Tak di pungkiri jika Desta sesungguhnya sangat mengagumi Anjani. Ia wanita yang menurutnya dewasa, pintar dan teguh pada pendirian. Konsentrasinya pada studi sepertinya tak memberi ruang pada urusan cinta. Tak pernah sedikitpun Anjani cerita ketertarikan pada seseorang, bahkan soal cinta. Menurut Desta, Anjani seperti telah melipat kehidupan cintanya sejak pertama kali mereka bersahabat. Cerita Anjani adalah cerita kehidupan dengan segala pernik yang jauh dari urusan cinta. Kalaupun cerita cinta, pasti reaksi terhadap kehidupan Desta.
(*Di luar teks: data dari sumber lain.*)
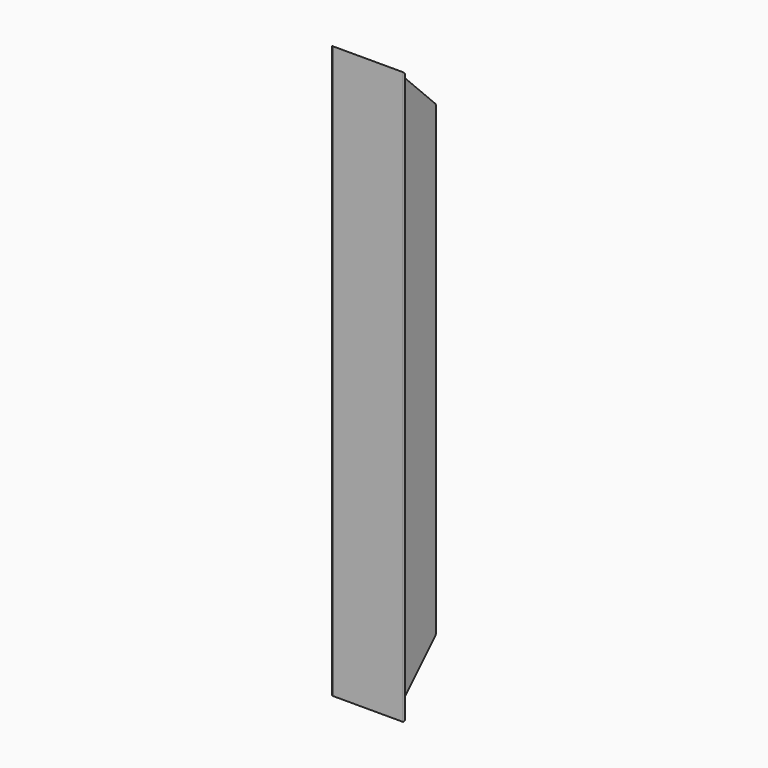
from build123d import *

# Parameters (mm, degrees)
F1_DEPTH = 153
F3_DEPTH = 30
F4_R     = 1
F6_R     = 0.5
F7_R     = 0.5


# Not quite as in the source:
# - two fillets or chamfers of one size are made in one step
# - a pattern or mirror of a feature is missing from the dataset's text; its kind, count and spacing are read off the source's solid


with BuildPart() as f1:
    # F0 (on Top) → F1 (new body, symmetric)
    with BuildSketch(Plane.XY):
        Polygon((-14, 0.5), (-17, 0.5), (-20, -2.5), (20, -2.5), (17, 0.5), (14, 0.5), (11, 0.5), (-11, 0.5), align=None)
        Polygon((-14, 25.5), (-14, 0.5), (-11, 0.5), (-11, 4), (-11, 7), (-11, 25.5), align=None)
        Polygon((11, 4), (11, 0.5), (14, 0.5), (14, 25.5), (11, 25.5), (11, 7), align=None)
        Polygon((-11, 7), (-11, 4), (-5, 4), (-5, 7), (-5, 15), (-8, 15), (-8, 7), align=None)
        Polygon((5, 4), (11, 4), (11, 7), (8, 7), (8, 15), (5, 15), (5, 7), align=None)
    extrude(amount=F1_DEPTH, both=True)

    # F2 (on Right) → F3 (cut, symmetric)
    with BuildSketch(Plane.YZ):
        Polygon((25.5, 153), (0.5, 153), (-2.5, 153), (25.5, 125), align=None)
    f3 = extrude(amount=F3_DEPTH, both=True, mode=Mode.SUBTRACT)

    # F3_copies: F3 across plane
    add(f3.mirror(Plane(origin=(0, 0, 0), x_dir=(-1, 0, 0), z_dir=(0, 0, -1))), mode=Mode.SUBTRACT)

    # F4
    f4_edges = [f1.edges().sort_by_distance(p)[0] for p in [
        (17, 0.5, 0),
        (12.5, 25.5, 125),
        (-11, 0.5, 0),
        (-12.5, 25.5, 125),
        (-17, 0.5, 0),
        (11, 0.5, 0),
        (6.5, 15, 135.5),
        (-6.5, 15, 135.5),
        (12.5, 25.5, -125),
        (6.5, 15, -135.5),
        (-6.5, 15, -135.5),
        (-12.5, 25.5, -125),
        (5, 4, 0),
        (-5, 4, 0),
    ]]
    fillet(f4_edges, radius=F4_R)

    # F6
    f6_edges = [f1.edges().sort_by_distance(p)[0] for p in [
        (-8, 7, 0),
        (-11, 7, 0),
        (-11, 4, 0),
        (11, 4, 0),
        (11, 7, 0),
        (8, 7, 0),
    ]]
    fillet(f6_edges, radius=F6_R)

    # F7
    f7_edges = [f1.edges().sort_by_distance(p)[0] for p in [
        (20, -2.5, 0),
        (-20, -2.5, 0),
    ]]
    fillet(f7_edges, radius=F7_R)


solid = f1.part

Itupun lebih banyak soal kritik dan nasehat.
“Ada cerita apa kamu mengajakku bertemu lagi ditempat ini?” tanya Desta dengan suara datar dan tenang.
“Ya, kan sebentar lagi aku wisuda. Dan setelah itu aku akan pergi dari sini entah kemana nanti. Kita tak akan lagi duduk bersama ditempat ini kecuali sesekali kalau aku kangen, entah kapan,” jawab Anjani sambil tersenyum.
Desta mengangguk angguk mendengar kata kata Anjani. Hatinya tiba tiba seperti terasa berat, karena waktu berpisah itu makin dekat dan itu artinya tak ada lagi sosok yang bisa diajak bicara dan memberi nasehat.
“Tak ada yang ingin kamu ceritakan atau kamu nasehatkan untukku sebelum kita nanti berpisah?” ucap Desta dengan hati yang terlihat berat.
Anjani tersenyum melihat sahabatnya seperti mengiba. Sesuatu yang tak biasanya.
“Ada satu hal saja yang ingin kukatakan padamu,” kata Anjani tersenyum sambil memandang wajah sahabatnya
“Apa itu?”
“Aku ingin membuka lipatan cintamu”
Desta tertegun mendengar pernyataan Anjani yang terasa aneh.
“Buat apa kau membukanya, itu sudah jadi keputusanku” kata Desta dengan mimik serius.
“Buatku…”
“Buatmu..?”
“Ya.. buatku”
“Aku tak paham, maksudmu”
Anjani tersenyum melihat sahabatnya yang masih dengan pikiran meraba.
“Jika kamu ijinkan, aku ingin membuka lipatan cintamu atau aku ingin berada bersamamu dalam lipatan cintamu” kata Anjani dengan tenang dan tetap dengan senyumnya.
Desta terlihat tegang mendengar kata kata Anjani. Ia tak percaya kalimat itu meluncur dari mulut sahabatnya.
“Kamu serius, Anjani?” tanya Desta tak percaya.
“Serius..” jawab Anjanj
“Itu tak mungkin, dan tak boleh terjadi” kata Desta dengan penuh keyakinan.
“Mengapa..”
“Aku tak ingin ada lagi luka karena sikapku, apalagi kamu, sahabatku yang kusayangi, tidak..”
Anjani mencoba tersenyum melihat sahabatnya bersikukuh dengan keputusannya.
“Kamu telah mengerti arti luka, dan tak mungkin lagi kamu akan membuat luka baru,” kata Anjani dengan ucapan yang tenang
“Tidak Anjani, aku merasa seperti katamu yang selalu kuingat, cintaku picisan,” kata Desta berusaha bertahan.
Desta merasa dibuat terheran heran. Sahabatnya yang sebenarnya dia kagumi dan selalu meremahkan cintanya tiba tiba ingin mendapatkan cintanya.
“Ya, cintamu picisan. Itu dulu. Sekarang kamu sudah berubah. Saat ini kamu tahu begitu berartinya hati perempuan dan kamu pasti akan menjaganya. Aku ingin jadi perempuan yang kamu akan menaruh hormat kepadanya,” kata Anjani
“Kamu yakin, aku telah berubah?” tanya Desta merasa tak yakin pada dirinya
Anjani hanya tersenyum, “Besarnya tekadmu adalah keinginan besarmu untuk berubah. Aku yakin itu”
“Dan jika kamu mengijinkan, aku akan membersamaimu dalam kehidupan barumu” sambung Anjani dengan penuh keyakinan.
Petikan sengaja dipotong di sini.